Construction is already significantly more expensive than it was before the pandemic because of inflation and labor shortages, Darga said — meaning that the $2B may not go as far as it would if disseminated through tax incentives.
“It's probably not going to be enough,” she said. “If you take the thousands of units that we financed this year with 421-a inclusionary housing, and you try to sub in capital to finance those projects instead, you need another $3B annually.
The agency is appealing to Albany and the federal government to pass an expanded version of the Low-Income Housing Tax Credit proposed by a bipartisan collection of lawmakers this spring, Carrión said.
The legislation would help boost low-income housing construction nationally by increasing the number of tax credits allocated to each state, as well as increasing the number of affordable housing projects that could be built using private activity bonds, elected officials backing the bill argue.

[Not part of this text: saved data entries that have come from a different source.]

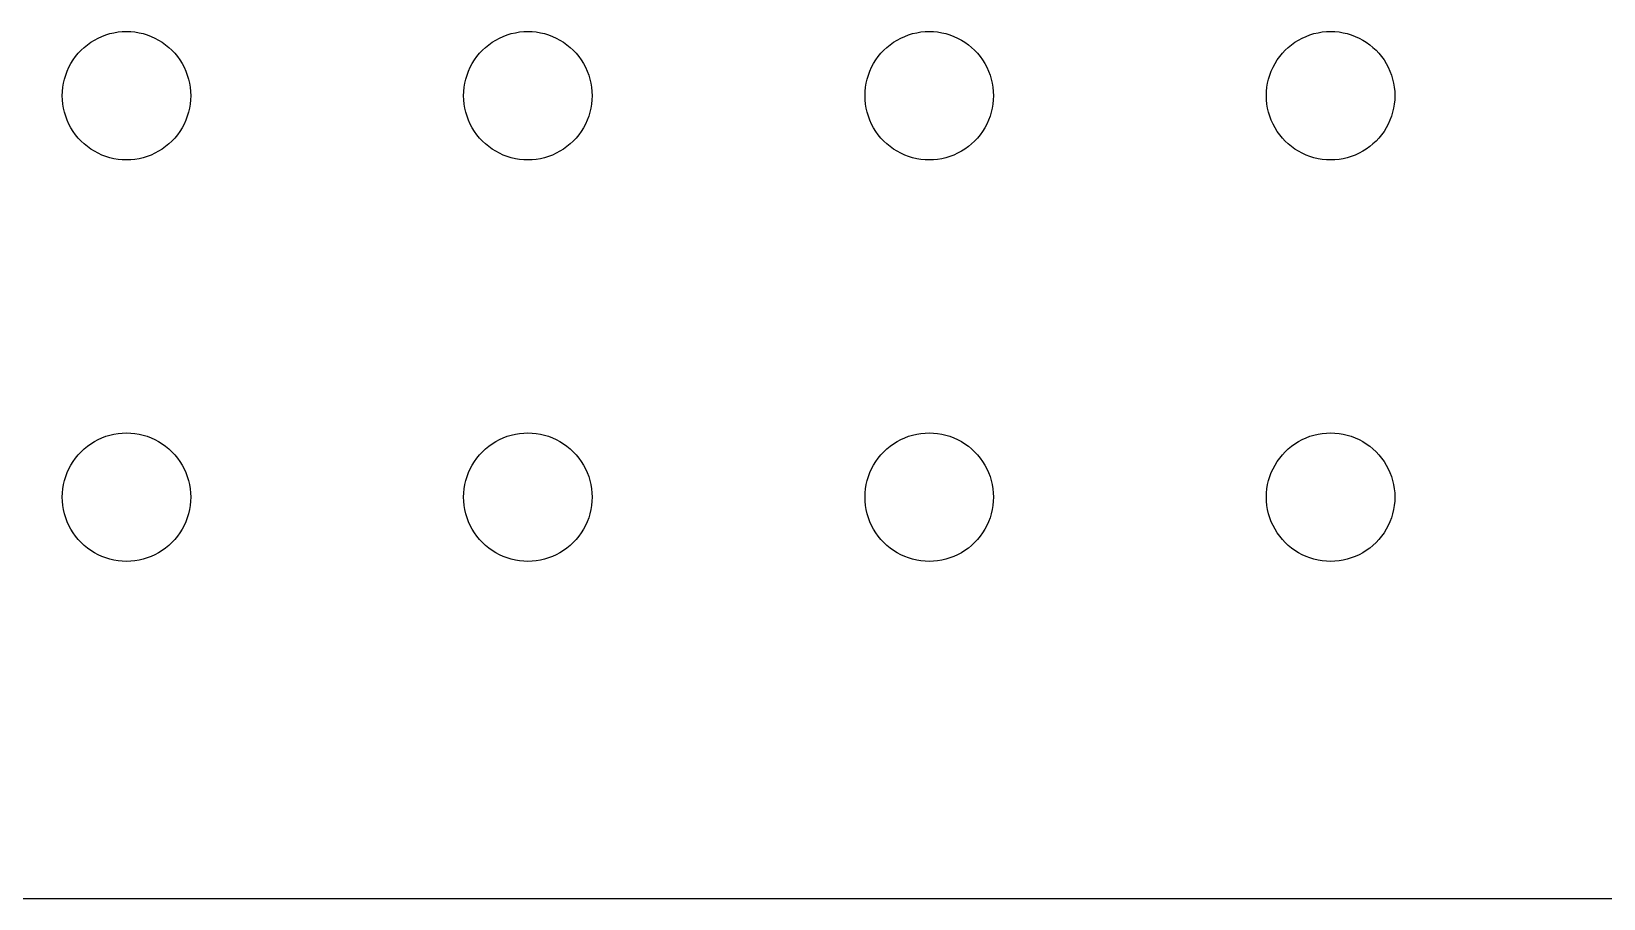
# Model space of a CAD drawing. Header units: metres. Extents: x -80 to 80, y -50 to 50.
# Drawn here: x -42.37 to -3.2, y -50 to -28.4 of the extents above; entities that cross this region are included whole.
import ezdxf

# ---------------------------------------------------------------- set-up
doc = ezdxf.new("R2010")
doc.units = ezdxf.units.M

msp = doc.modelspace()

# ---------------------------------------------------------------- linework, layer by layer
for p, q in [((-40.8, -28.6143), (-40.7077, -28.565)), ((-40.7077, -28.565), (-40.6123, -28.5218)), ((-40.6123, -28.5218), (-40.5143, -28.4849)), ((-40.5143, -28.4849), (-40.4141, -28.4545)), ((-40.4141, -28.4545), (-40.3121, -28.4307)), ((-40.3121, -28.4307), (-40.2088, -28.4137)), ((-40.2088, -28.4137), (-40.1046, -28.4034)), ((-40.1046, -28.4034), (-40, -28.4)), ((-40, -28.4), (-39.8953, -28.4034)), ((-39.8953, -28.4034), (-39.7912, -28.4137)), ((-39.7912, -28.4137), (-39.6879, -28.4307)), ((-39.6879, -28.4307), (-39.5859, -28.4545)), ((-39.5859, -28.4545), (-39.4857, -28.4849)), ((-39.4857, -28.4849), (-39.3877, -28.5218)), ((-39.3877, -28.5218), (-39.2923, -28.565)), ((-39.2923, -28.565), (-39.2, -28.6143)), ((-30.8, -28.6143), (-30.7077, -28.565)), ((-30.7077, -28.565), (-30.6123, -28.5218)), ((-30.6123, -28.5218), (-30.5143, -28.4849)), ((-30.5143, -28.4849), (-30.4141, -28.4545)), ((-30.4141, -28.4545), (-30.3121, -28.4307)), ((-30.3121, -28.4307), (-30.2088, -28.4137)), ((-30.2088, -28.4137), (-30.1046, -28.4034)), ((-30.1046, -28.4034), (-30, -28.4)), ((-30, -28.4), (-29.8953, -28.4034)), ((-29.8953, -28.4034), (-29.7912, -28.4137)), ((-29.7912, -28.4137), (-29.6879, -28.4307)), ((-29.6879, -28.4307), (-29.5859, -28.4545)), ((-29.5859, -28.4545), (-29.4857, -28.4849)), ((-29.4857, -28.4849), (-29.3877, -28.5218)), ((-29.3877, -28.5218), (-29.2923, -28.565)), ((-29.2923, -28.565), (-29.2, -28.6143)), ((-20.8, -28.6143), (-20.7077, -28.565)), ((-20.7077, -28.565), (-20.6123, -28.5218)), ((-20.6123, -28.5218), (-20.5143, -28.4849)), ((-20.5143, -28.4849), (-20.4141, -28.4545)), ((-20.4141, -28.4545), (-20.3121, -28.4307)), ((-20.3121, -28.4307), (-20.2088, -28.4137)), ((-20.2088, -28.4137), (-20.1046, -28.4034)), ((-20.1046, -28.4034), (-20, -28.4)), ((-20, -28.4), (-19.8953, -28.4034)), ((-19.8953, -28.4034), (-19.7912, -28.4137)), ((-19.7912, -28.4137), (-19.6879, -28.4307)), ((-19.6879, -28.4307), (-19.5859, -28.4545)), ((-19.5859, -28.4545), (-19.4857, -28.4849)), ((-19.4857, -28.4849), (-19.3877, -28.5218)), ((-19.3877, -28.5218), (-19.2923, -28.565)), ((-19.2923, -28.565), (-19.2, -28.6143)), ((-10.8, -28.6143), (-10.7077, -28.565)), ((-10.7077, -28.565), (-10.6123, -28.5218)), ((-10.6123, -28.5218), (-10.5143, -28.4849)), ((-10.5143, -28.4849), (-10.4141, -28.4545)), ((-10.4141, -28.4545), (-10.3121, -28.4307)), ((-10.3121, -28.4307), (-10.2088, -28.4137)), ((-10.2088, -28.4137), (-10.1046, -28.4034)), ((-10.1046, -28.4034), (-10, -28.4)), ((-10, -28.4), (-9.89534, -28.4034)), ((-9.89534, -28.4034), (-9.79115, -28.4137)), ((-9.79115, -28.4137), (-9.68785, -28.4307)), ((-9.68785, -28.4307), (-9.58588, -28.4545)), ((-9.58588, -28.4545), (-9.48569, -28.4849)), ((-9.48569, -28.4849), (-9.3877, -28.5218)), ((-9.3877, -28.5218), (-9.29233, -28.565)), ((-9.29233, -28.565), (-9.2, -28.6143)), ((-41.2694, -29.026), (-41.2029, -28.945)), ((-41.2029, -28.945), (-41.1314, -28.8686)), ((-41.1314, -28.8686), (-41.0549, -28.797)), ((-41.0549, -28.797), (-40.974, -28.7306)), ((-40.974, -28.7306), (-40.8889, -28.6696)), ((-40.8889, -28.6696), (-40.8, -28.6143)), ((-39.2, -28.6143), (-39.1111, -28.6696)), ((-39.1111, -28.6696), (-39.026, -28.7306)), ((-39.026, -28.7306), (-38.945, -28.797)), ((-38.945, -28.797), (-38.8686, -28.8686)), ((-38.8686, -28.8686), (-38.797, -28.945)), ((-38.797, -28.945), (-38.7306, -29.026)), ((-31.2694, -29.026), (-31.2029, -28.945)), ((-31.2029, -28.945), (-31.1314, -28.8686)), ((-31.1314, -28.8686), (-31.0549, -28.797)), ((-31.0549, -28.797), (-30.974, -28.7306)), ((-30.974, -28.7306), (-30.8889, -28.6696)), ((-30.8889, -28.6696), (-30.8, -28.6143)), ((-29.2, -28.6143), (-29.1111, -28.6696)), ((-29.1111, -28.6696), (-29.026, -28.7306)), ((-29.026, -28.7306), (-28.945, -28.797)), ((-28.945, -28.797), (-28.8686, -28.8686)), ((-28.8686, -28.8686), (-28.797, -28.945)), ((-28.797, -28.945), (-28.7306, -29.026)), ((-21.2694, -29.026), (-21.2029, -28.945)), ((-21.2029, -28.945), (-21.1314, -28.8686)), ((-21.1314, -28.8686), (-21.0549, -28.797)), ((-21.0549, -28.797), (-20.974, -28.7306)), ((-20.974, -28.7306), (-20.8889, -28.6696)), ((-20.8889, -28.6696), (-20.8, -28.6143)), ((-19.2, -28.6143), (-19.1111, -28.6696)), ((-19.1111, -28.6696), (-19.026, -28.7306)), ((-19.026, -28.7306), (-18.945, -28.797)), ((-18.945, -28.797), (-18.8686, -28.8686)), ((-18.8686, -28.8686), (-18.797, -28.945)), ((-18.797, -28.945), (-18.7306, -29.026)), ((-11.2694, -29.026), (-11.2029, -28.945)), ((-11.2029, -28.945), (-11.1314, -28.8686)), ((-11.1314, -28.8686), (-11.0549, -28.797)), ((-11.0549, -28.797), (-10.974, -28.7306)), ((-10.974, -28.7306), (-10.8889, -28.6696)), ((-10.8889, -28.6696), (-10.8, -28.6143)), ((-9.2, -28.6143), (-9.11108, -28.6696)), ((-9.11108, -28.6696), (-9.02597, -28.7306)), ((-9.02597, -28.7306), (-8.94504, -28.797)), ((-8.94504, -28.797), (-8.86862, -28.8686)), ((-8.86862, -28.8686), (-8.79704, -28.945)), ((-8.79704, -28.945), (-8.73062, -29.026)), ((-41.4782, -29.3877), (-41.435, -29.2923)), ((-41.435, -29.2923), (-41.3856, -29.2)), ((-41.3856, -29.2), (-41.3303, -29.1111)), ((-41.3303, -29.1111), (-41.2694, -29.026)), ((-38.7306, -29.026), (-38.6696, -29.1111)), ((-38.6696, -29.1111), (-38.6143, -29.2)), ((-38.6143, -29.2), (-38.565, -29.2923)), ((-38.565, -29.2923), (-38.5218, -29.3877)), ((-31.4782, -29.3877), (-31.435, -29.2923)), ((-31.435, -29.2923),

Carrión said he plans to travel to Washington, D.C., in mid-September with HPD President Eric Enderlin to advocate for the LIHTC legislation, which he said could double NYC’s firepower when it comes to financing and building affordable housing. The real estate industry needs to be part of that ask, he said, along with voicing support for funding for Section 8 vouchers — which are currently under attack in the House of Representatives but remain vital for the multibillion-dollar affordable housing industry, Carrión said.
“Please lobby the New York congressional delegation. Both parties love tax credits,” he said. “We've been hat-in-hand in Washington for a while.”
In the meantime, Carrión is hopeful that developers will approach HPD with their own ambitious, creative deals.
“What we're doing is saying to you all: Bring us deals where you have 30, 40% market[-rate units and] 60% affordable, or make your best offer,” he said. “We're interested in creating deals without these tax credits.”